Task prompt: Please set down each of the lines below once more, exactly, omitting all pictures.

Items from a data source
:::
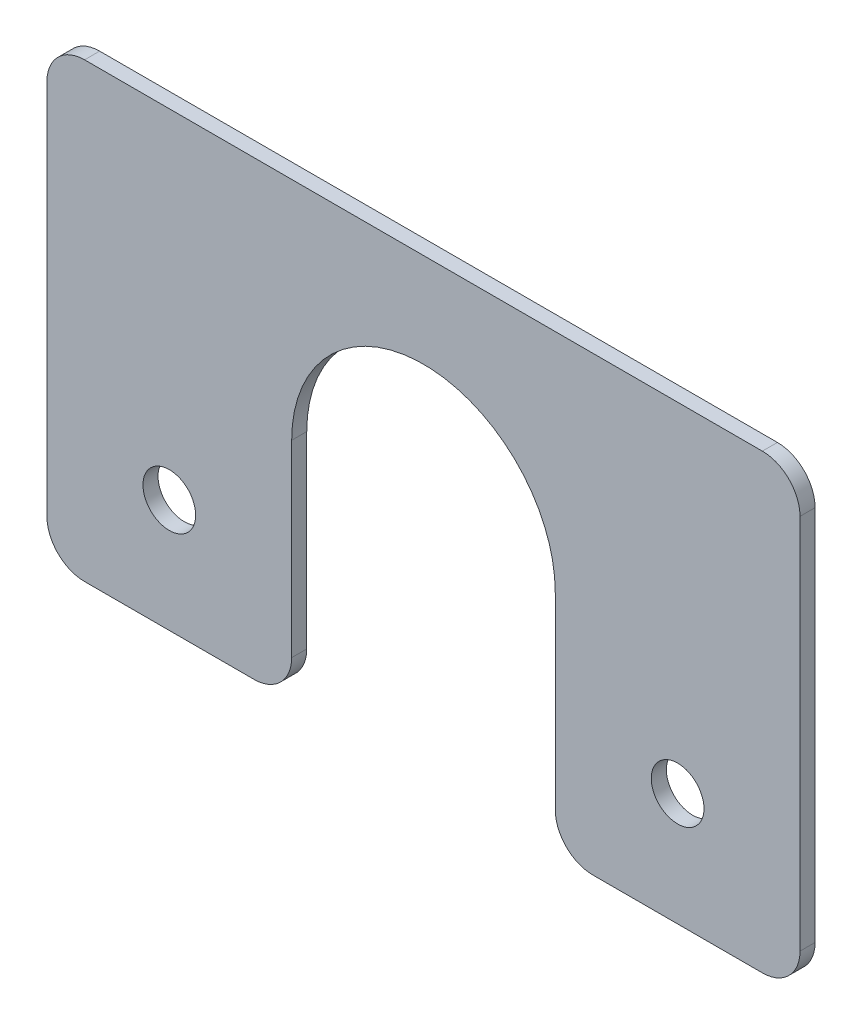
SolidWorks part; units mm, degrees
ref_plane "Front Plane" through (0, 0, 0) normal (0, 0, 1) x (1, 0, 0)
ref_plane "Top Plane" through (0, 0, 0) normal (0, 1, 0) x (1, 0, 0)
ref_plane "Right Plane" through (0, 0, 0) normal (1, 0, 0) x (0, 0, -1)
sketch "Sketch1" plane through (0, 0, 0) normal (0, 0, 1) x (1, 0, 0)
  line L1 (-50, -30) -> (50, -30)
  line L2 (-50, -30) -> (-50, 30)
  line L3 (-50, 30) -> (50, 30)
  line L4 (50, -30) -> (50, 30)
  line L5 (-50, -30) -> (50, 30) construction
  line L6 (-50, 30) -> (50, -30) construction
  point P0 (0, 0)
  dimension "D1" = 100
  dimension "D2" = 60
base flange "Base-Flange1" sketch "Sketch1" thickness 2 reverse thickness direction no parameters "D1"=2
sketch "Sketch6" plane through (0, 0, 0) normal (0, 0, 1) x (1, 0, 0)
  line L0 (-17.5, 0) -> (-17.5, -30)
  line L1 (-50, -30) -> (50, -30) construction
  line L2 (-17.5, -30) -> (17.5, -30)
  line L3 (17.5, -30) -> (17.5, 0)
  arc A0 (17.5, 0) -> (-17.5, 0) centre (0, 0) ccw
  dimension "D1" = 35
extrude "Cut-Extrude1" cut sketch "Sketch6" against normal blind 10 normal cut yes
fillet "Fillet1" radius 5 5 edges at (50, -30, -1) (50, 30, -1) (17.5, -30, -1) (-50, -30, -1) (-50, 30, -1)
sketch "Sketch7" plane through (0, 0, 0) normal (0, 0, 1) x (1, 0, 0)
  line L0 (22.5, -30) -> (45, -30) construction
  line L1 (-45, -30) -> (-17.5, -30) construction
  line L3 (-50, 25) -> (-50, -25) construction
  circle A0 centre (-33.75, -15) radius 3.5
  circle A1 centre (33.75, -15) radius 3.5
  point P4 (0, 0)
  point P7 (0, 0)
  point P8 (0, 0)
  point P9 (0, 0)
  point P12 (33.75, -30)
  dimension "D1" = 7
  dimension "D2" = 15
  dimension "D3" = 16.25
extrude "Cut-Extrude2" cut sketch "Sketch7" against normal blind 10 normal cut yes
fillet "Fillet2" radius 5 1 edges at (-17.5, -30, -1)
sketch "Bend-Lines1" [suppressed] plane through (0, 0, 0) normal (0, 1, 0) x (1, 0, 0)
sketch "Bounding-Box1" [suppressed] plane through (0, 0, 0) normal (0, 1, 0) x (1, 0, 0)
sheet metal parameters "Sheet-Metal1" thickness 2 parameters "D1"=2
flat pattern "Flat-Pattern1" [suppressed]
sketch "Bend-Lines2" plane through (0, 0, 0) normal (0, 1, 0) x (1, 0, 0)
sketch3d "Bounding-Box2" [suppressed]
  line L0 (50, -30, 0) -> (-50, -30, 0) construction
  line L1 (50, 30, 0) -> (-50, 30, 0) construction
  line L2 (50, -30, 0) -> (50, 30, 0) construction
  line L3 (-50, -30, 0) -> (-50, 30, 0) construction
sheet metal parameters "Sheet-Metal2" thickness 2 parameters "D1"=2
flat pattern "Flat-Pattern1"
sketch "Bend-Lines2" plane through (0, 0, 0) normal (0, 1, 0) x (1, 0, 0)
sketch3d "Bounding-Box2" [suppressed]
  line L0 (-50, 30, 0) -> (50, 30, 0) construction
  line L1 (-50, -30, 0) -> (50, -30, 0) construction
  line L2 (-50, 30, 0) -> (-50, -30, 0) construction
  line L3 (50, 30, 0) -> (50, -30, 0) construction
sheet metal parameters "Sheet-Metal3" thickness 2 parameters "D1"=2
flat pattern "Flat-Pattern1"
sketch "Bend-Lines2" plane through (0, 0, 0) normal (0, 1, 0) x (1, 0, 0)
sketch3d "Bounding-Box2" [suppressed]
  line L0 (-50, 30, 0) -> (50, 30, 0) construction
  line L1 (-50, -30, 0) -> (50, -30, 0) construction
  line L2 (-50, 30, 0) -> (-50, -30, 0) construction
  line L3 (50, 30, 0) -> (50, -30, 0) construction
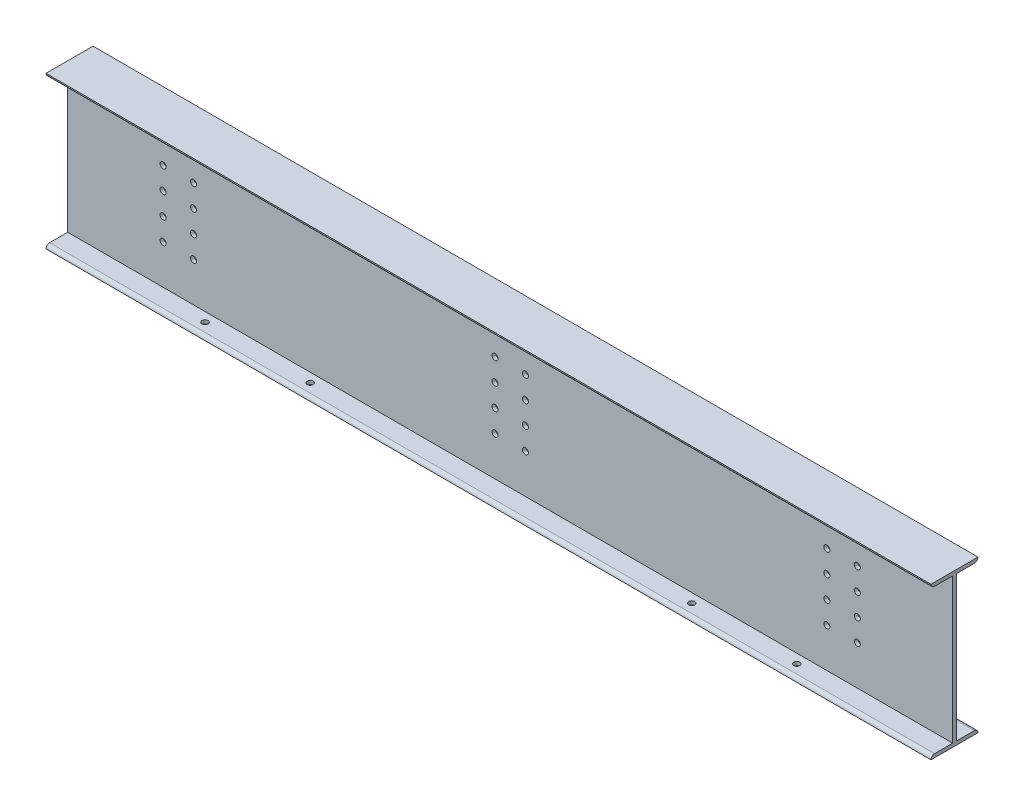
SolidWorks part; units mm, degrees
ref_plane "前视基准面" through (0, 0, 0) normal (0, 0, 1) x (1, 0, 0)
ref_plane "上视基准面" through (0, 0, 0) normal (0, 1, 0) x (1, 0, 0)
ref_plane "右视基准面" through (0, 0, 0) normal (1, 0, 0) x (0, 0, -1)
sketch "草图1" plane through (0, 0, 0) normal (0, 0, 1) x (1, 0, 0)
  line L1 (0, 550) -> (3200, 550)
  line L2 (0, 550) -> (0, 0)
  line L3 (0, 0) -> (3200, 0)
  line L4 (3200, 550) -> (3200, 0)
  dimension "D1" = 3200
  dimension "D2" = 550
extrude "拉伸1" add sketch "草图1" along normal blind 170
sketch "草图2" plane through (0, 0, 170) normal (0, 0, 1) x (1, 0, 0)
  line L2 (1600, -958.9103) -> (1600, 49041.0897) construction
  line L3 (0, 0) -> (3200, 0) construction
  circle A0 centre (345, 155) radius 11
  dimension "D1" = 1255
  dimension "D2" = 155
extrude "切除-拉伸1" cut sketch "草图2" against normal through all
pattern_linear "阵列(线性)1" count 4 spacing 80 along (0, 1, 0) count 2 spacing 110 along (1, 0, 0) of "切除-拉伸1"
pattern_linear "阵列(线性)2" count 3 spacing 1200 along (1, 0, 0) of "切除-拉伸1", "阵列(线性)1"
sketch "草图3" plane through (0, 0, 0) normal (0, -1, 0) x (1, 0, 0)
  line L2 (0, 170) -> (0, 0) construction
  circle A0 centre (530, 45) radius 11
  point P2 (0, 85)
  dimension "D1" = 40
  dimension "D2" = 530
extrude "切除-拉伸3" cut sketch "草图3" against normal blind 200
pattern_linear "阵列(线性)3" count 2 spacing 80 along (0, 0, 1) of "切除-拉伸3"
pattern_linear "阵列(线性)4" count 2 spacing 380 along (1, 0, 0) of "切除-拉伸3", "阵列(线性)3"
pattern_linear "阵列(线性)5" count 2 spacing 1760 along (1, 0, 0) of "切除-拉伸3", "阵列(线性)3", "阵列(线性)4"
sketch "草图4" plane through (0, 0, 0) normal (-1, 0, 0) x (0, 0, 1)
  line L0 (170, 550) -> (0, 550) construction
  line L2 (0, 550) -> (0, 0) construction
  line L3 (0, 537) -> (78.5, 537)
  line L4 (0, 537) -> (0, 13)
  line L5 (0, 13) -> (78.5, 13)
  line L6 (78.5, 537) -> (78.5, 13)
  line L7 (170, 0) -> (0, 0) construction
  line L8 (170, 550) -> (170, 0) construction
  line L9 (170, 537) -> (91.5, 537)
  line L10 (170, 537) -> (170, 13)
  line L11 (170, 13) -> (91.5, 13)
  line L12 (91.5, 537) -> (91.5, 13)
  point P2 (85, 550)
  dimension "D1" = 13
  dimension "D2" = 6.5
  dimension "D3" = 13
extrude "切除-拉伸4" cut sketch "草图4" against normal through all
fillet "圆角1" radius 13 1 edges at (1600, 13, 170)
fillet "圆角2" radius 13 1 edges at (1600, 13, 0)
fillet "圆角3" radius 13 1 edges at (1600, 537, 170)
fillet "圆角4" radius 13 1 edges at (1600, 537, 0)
:::
Answer for the task:
SolidWorks part; units mm, degrees
ref_plane "Front Plane" through (0, 0, 0) normal (0, 0, 1) x (1, 0, 0)
ref_plane "Top Plane" through (0, 0, 0) normal (0, 1, 0) x (1, 0, 0)
ref_plane "Right Plane" through (0, 0, 0) normal (1, 0, 0) x (0, 0, -1)
sketch "Sketch1" plane through (0, 0, 0) normal (0, 0, 1) x (1, 0, 0)
  line L1 (-50, -30) -> (50, -30)
  line L2 (-50, -30) -> (-50, 30)
  line L3 (-50, 30) -> (50, 30)
  line L4 (50, -30) -> (50, 30)
  line L5 (-50, -30) -> (50, 30) construction
  line L6 (-50, 30) -> (50, -30) construction
  point P0 (0, 0)
  dimension "D1" = 100
  dimension "D2" = 60
base flange "Base-Flange1" sketch "Sketch1" thickness 2 reverse thickness direction no parameters "D1"=2
sketch "Sketch6" plane through (0, 0, 0) normal (0, 0, 1) x (1, 0, 0)
  line L0 (-17.5, 0) -> (-17.5, -30)
  line L1 (-50, -30) -> (50, -30) construction
  line L2 (-17.5, -30) -> (17.5, -30)
  line L3 (17.5, -30) -> (17.5, 0)
  arc A0 (17.5, 0) -> (-17.5, 0) centre (0, 0) ccw
  dimension "D1" = 35
extrude "Cut-Extrude1" cut sketch "Sketch6" against normal blind 10 normal cut yes
fillet "Fillet1" radius 5 5 edges at (50, -30, -1) (50, 30, -1) (17.5, -30, -1) (-50, -30, -1) (-50, 30, -1)
sketch "Sketch7" plane through (0, 0, 0) normal (0, 0, 1) x (1, 0, 0)
  line L0 (22.5, -30) -> (45, -30) construction
  line L1 (-45, -30) -> (-17.5, -30) construction
  line L3 (-50, 25) -> (-50, -25) construction
  circle A0 centre (-33.75, -15) radius 3.5
  circle A1 centre (33.75, -15) radius 3.5
  point P4 (0, 0)
  point P7 (0, 0)
  point P8 (0, 0)
  point P9 (0, 0)
  point P12 (33.75, -30)
  dimension "D1" = 7
  dimension "D2" = 15
  dimension "D3" = 16.25
extrude "Cut-Extrude2" cut sketch "Sketch7" against normal blind 10 normal cut yes
fillet "Fillet2" radius 5 1 edges at (-17.5, -30, -1)
sketch "Bend-Lines1" [suppressed] plane through (0, 0, 0) normal (0, 1, 0) x (1, 0, 0)
sketch "Bounding-Box1" [suppressed] plane through (0, 0, 0) normal (0, 1, 0) x (1, 0, 0)
sheet metal parameters "Sheet-Metal1" thickness 2 parameters "D1"=2
flat pattern "Flat-Pattern1" [suppressed]
sketch "Bend-Lines2" plane through (0, 0, 0) normal (0, 1, 0) x (1, 0, 0)
sketch3d "Bounding-Box2" [suppressed]
  line L0 (50, -30, 0) -> (-50, -30, 0) construction
  line L1 (50, 30, 0) -> (-50, 30, 0) construction
  line L2 (50, -30, 0) -> (50, 30, 0) construction
  line L3 (-50, -30, 0) -> (-50, 30, 0) construction
sheet metal parameters "Sheet-Metal2" thickness 2 parameters "D1"=2
flat pattern "Flat-Pattern1"
sketch "Bend-Lines2" plane through (0, 0, 0) normal (0, 1, 0) x (1, 0, 0)
sketch3d "Bounding-Box2" [suppressed]
  line L0 (-50, 30, 0) -> (50, 30, 0) construction
  line L1 (-50, -30, 0) -> (50, -30, 0) construction
  line L2 (-50, 30, 0) -> (-50, -30, 0) construction
  line L3 (50, 30, 0) -> (50, -30, 0) construction
sheet metal parameters "Sheet-Metal3" thickness 2 parameters "D1"=2
flat pattern "Flat-Pattern1"
sketch "Bend-Lines2" plane through (0, 0, 0) normal (0, 1, 0) x (1, 0, 0)
sketch3d "Bounding-Box2" [suppressed]
  line L0 (-50, 30, 0) -> (50, 30, 0) construction
  line L1 (-50, -30, 0) -> (50, -30, 0) construction
  line L2 (-50, 30, 0) -> (-50, -30, 0) construction
  line L3 (50, 30, 0) -> (50, -30, 0) construction
SolidWorks part; units mm, degrees
ref_plane "前视基准面" through (0, 0, 0) normal (0, 0, 1) x (1, 0, 0)
ref_plane "上视基准面" through (0, 0, 0) normal (0, 1, 0) x (1, 0, 0)
ref_plane "右视基准面" through (0, 0, 0) normal (1, 0, 0) x (0, 0, -1)
sketch "草图1" plane through (0, 0, 0) normal (0, 0, 1) x (1, 0, 0)
  line L1 (0, 550) -> (3200, 550)
  line L2 (0, 550) -> (0, 0)
  line L3 (0, 0) -> (3200, 0)
  line L4 (3200, 550) -> (3200, 0)
  dimension "D1" = 3200
  dimension "D2" = 550
extrude "拉伸1" add sketch "草图1" along normal blind 170
sketch "草图2" plane through (0, 0, 170) normal (0, 0, 1) x (1, 0, 0)
  line L2 (1600, -958.9103) -> (1600, 49041.0897) construction
  line L3 (0, 0) -> (3200, 0) construction
  circle A0 centre (345, 155) radius 11
  dimension "D1" = 1255
  dimension "D2" = 155
extrude "切除-拉伸1" cut sketch "草图2" against normal through all
pattern_linear "阵列(线性)1" count 4 spacing 80 along (0, 1, 0) count 2 spacing 110 along (1, 0, 0) of "切除-拉伸1"
pattern_linear "阵列(线性)2" count 3 spacing 1200 along (1, 0, 0) of "切除-拉伸1", "阵列(线性)1"
sketch "草图3" plane through (0, 0, 0) normal (0, -1, 0) x (1, 0, 0)
  line L2 (0, 170) -> (0, 0) construction
  circle A0 centre (530, 45) radius 11
  point P2 (0, 85)
  dimension "D1" = 40
  dimension "D2" = 530
extrude "切除-拉伸3" cut sketch "草图3" against normal blind 200
pattern_linear "阵列(线性)3" count 2 spacing 80 along (0, 0, 1) of "切除-拉伸3"
pattern_linear "阵列(线性)4" count 2 spacing 380 along (1, 0, 0) of "切除-拉伸3", "阵列(线性)3"
pattern_linear "阵列(线性)5" count 2 spacing 1760 along (1, 0, 0) of "切除-拉伸3", "阵列(线性)3", "阵列(线性)4"
sketch "草图4" plane through (0, 0, 0) normal (-1, 0, 0) x (0, 0, 1)
  line L0 (170, 550) -> (0, 550) construction
  line L2 (0, 550) -> (0, 0) construction
  line L3 (0, 537) -> (78.5, 537)
  line L4 (0, 537) -> (0, 13)
  line L5 (0, 13) -> (78.5, 13)
  line L6 (78.5, 537) -> (78.5, 13)
  line L7 (170, 0) -> (0, 0) construction
  line L8 (170, 550) -> (170, 0) construction
  line L9 (170, 537) -> (91.5, 537)
  line L10 (170, 537) -> (170, 13)
  line L11 (170, 13) -> (91.5, 13)
  line L12 (91.5, 537) -> (91.5, 13)
  point P2 (85, 550)
  dimension "D1" = 13
  dimension "D2" = 6.5
  dimension "D3" = 13
extrude "切除-拉伸4" cut sketch "草图4" against normal through all
fillet "圆角1" radius 13 1 edges at (1600, 13, 170)
fillet "圆角2" radius 13 1 edges at (1600, 13, 0)
fillet "圆角3" radius 13 1 edges at (1600, 537, 170)
fillet "圆角4" radius 13 1 edges at (1600, 537, 0)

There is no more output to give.